▶ [Work item] From the entries below, return only the lines starting at the one that contains "-0.25, 0.25, -0.25])" and ending at the one that contains "blk = doc.blocks.new('A$C3179e9da')", exactly as they stand.

Extracted records:
######

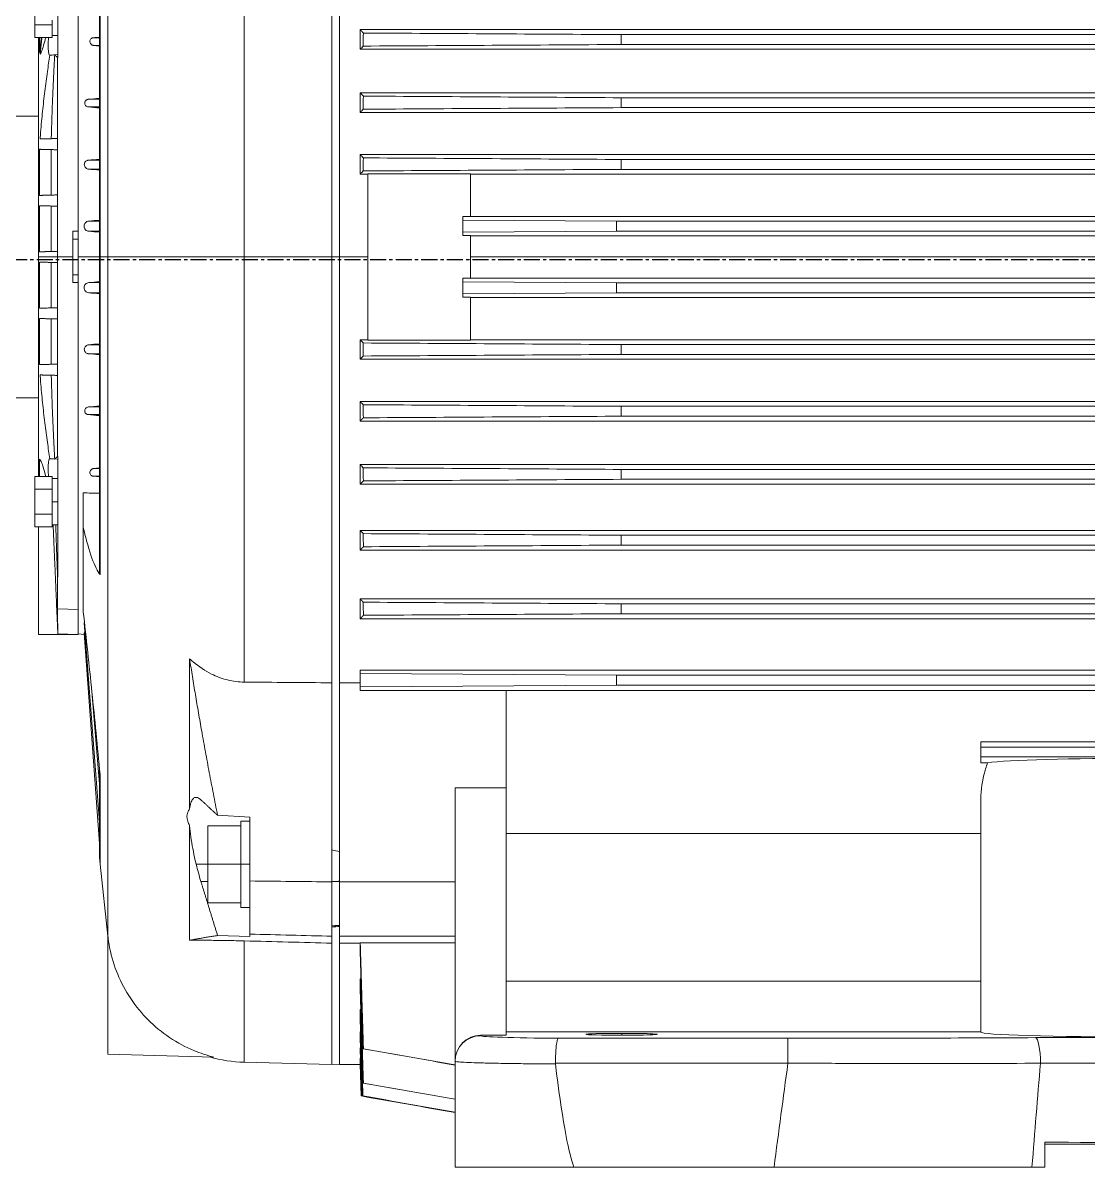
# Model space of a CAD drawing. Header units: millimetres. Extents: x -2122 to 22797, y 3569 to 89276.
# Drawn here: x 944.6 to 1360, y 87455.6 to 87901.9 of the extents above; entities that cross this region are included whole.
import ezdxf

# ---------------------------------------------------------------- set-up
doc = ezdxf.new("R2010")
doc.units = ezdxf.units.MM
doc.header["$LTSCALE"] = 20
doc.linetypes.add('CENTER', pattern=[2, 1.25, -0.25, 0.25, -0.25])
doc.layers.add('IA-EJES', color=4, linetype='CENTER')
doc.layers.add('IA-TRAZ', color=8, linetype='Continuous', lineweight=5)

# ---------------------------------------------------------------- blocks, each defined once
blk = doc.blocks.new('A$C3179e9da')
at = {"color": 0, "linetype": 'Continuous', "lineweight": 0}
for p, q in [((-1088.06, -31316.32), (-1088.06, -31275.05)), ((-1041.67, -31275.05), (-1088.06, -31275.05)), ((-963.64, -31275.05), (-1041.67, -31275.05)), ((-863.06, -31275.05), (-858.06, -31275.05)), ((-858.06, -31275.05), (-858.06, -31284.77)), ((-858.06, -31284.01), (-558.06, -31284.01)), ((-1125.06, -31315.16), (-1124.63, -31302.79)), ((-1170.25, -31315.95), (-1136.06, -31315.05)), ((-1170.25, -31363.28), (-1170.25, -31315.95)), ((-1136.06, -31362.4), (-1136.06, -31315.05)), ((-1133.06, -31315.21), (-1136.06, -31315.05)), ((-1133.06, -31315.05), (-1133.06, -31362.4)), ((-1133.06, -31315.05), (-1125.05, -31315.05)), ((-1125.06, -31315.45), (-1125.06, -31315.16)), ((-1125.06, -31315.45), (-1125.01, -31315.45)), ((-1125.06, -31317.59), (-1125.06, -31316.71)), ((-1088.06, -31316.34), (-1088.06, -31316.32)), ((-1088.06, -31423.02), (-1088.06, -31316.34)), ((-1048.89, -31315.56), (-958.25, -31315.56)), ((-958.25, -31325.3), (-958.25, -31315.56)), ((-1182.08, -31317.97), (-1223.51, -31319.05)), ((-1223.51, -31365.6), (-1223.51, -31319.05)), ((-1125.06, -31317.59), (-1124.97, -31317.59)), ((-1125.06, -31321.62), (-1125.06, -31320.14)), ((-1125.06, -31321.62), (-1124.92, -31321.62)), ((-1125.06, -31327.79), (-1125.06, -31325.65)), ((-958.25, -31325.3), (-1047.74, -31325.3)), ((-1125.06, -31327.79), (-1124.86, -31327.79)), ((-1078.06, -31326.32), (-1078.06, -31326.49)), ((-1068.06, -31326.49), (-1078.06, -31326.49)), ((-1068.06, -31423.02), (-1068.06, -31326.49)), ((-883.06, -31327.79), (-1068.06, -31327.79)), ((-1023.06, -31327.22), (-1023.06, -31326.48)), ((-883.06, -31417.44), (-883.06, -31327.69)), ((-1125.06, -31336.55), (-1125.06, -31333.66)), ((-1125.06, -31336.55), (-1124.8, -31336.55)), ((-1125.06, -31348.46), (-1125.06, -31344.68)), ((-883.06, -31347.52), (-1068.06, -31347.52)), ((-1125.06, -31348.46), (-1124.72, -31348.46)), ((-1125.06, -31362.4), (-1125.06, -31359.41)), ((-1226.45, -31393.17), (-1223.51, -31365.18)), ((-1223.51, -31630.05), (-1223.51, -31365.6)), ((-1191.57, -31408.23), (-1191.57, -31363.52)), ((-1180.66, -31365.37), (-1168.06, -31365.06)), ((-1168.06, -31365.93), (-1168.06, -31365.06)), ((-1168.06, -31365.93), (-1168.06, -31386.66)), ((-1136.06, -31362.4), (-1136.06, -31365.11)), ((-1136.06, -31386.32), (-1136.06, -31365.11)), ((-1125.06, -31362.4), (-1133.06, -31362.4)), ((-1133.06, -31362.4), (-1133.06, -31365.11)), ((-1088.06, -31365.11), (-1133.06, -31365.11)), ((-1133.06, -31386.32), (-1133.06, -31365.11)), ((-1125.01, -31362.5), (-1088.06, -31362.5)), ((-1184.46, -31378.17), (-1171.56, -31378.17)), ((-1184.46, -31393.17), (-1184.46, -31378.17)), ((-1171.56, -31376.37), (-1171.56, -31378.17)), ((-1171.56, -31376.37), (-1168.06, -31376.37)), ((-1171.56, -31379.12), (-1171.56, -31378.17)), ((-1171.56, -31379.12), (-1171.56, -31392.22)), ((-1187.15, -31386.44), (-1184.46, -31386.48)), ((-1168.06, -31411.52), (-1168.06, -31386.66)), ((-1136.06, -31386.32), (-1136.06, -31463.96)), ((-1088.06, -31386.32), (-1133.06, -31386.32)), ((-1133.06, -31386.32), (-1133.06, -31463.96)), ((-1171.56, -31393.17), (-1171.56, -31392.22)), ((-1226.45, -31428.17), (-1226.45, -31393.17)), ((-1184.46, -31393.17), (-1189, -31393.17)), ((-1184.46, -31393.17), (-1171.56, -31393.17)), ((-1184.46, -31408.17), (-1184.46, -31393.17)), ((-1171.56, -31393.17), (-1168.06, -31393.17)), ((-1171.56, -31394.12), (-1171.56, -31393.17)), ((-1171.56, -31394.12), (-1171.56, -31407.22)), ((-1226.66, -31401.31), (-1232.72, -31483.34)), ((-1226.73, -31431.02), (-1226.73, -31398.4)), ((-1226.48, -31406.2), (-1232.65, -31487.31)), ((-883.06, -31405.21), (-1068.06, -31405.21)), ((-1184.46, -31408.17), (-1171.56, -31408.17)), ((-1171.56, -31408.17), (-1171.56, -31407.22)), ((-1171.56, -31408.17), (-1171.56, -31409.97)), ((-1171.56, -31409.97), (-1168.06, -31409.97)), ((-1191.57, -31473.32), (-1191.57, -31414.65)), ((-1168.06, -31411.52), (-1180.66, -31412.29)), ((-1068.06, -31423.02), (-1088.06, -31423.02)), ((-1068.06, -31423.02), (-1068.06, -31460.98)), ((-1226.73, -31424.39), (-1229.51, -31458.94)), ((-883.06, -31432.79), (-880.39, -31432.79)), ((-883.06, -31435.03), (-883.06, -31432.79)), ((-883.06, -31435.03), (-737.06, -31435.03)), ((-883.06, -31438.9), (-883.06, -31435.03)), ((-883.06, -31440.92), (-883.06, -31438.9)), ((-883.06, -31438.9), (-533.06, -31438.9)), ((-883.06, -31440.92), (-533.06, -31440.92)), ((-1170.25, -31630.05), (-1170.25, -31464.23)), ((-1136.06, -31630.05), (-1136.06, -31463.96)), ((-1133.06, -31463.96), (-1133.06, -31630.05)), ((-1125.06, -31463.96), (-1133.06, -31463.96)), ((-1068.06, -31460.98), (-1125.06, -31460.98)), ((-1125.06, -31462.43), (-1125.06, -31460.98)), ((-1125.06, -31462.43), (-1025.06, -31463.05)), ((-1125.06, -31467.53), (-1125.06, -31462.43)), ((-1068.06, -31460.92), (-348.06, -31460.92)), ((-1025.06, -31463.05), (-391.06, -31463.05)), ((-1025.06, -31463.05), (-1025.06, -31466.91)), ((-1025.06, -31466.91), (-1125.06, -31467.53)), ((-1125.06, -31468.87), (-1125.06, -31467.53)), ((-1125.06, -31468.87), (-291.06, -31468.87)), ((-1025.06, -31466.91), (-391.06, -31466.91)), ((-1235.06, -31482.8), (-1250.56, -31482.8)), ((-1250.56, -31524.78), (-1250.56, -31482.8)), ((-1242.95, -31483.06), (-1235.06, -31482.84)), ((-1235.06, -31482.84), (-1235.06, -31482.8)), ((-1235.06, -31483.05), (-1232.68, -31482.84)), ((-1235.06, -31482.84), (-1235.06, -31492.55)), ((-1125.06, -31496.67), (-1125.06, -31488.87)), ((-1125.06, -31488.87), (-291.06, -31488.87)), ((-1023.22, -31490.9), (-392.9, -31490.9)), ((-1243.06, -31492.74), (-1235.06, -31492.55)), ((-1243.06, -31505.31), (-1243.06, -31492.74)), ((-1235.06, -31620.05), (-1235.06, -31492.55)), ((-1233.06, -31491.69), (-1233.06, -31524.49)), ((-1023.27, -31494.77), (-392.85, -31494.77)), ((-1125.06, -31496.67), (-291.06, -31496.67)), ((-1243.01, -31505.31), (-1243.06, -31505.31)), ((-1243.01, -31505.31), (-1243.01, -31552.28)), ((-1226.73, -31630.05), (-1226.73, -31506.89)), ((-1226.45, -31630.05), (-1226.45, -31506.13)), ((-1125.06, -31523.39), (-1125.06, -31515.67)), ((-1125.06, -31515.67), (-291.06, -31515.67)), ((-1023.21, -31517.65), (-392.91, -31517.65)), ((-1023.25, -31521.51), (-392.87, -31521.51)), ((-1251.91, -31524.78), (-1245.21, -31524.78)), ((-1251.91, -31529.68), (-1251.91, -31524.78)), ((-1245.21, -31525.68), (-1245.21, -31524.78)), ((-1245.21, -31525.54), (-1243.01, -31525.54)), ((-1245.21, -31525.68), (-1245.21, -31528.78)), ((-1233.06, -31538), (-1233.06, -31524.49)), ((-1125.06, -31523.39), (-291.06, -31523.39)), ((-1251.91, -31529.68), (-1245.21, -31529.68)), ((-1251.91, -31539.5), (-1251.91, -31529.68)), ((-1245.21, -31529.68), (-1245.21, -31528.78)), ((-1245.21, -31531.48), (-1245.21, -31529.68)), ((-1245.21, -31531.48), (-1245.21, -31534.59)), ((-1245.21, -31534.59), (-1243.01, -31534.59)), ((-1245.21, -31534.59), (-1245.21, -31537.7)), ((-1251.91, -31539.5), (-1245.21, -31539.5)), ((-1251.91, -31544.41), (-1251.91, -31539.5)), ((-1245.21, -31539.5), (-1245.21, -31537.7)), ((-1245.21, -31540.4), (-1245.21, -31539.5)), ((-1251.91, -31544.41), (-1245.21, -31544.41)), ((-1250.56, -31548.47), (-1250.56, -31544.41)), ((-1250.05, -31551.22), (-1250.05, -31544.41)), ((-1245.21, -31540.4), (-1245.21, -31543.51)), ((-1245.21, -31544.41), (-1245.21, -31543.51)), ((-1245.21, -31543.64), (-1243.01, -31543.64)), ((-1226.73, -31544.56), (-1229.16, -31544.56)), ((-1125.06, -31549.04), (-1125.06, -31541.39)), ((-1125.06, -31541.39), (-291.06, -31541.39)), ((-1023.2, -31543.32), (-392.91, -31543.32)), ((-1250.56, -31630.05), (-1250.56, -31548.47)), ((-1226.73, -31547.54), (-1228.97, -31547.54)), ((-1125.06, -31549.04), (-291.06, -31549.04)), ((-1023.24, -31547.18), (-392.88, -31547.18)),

######

▶ [Solution to the exercise]
doc.linetypes.add('CENTER', pattern=[2, 1.25, -0.25, 0.25, -0.25])
doc.layers.add('IA-EJES', color=4, linetype='CENTER')
doc.layers.add('IA-TRAZ', color=8, linetype='Continuous', lineweight=5)

# ---------------------------------------------------------------- blocks, each defined once
blk = doc.blocks.new('A$C3179e9da')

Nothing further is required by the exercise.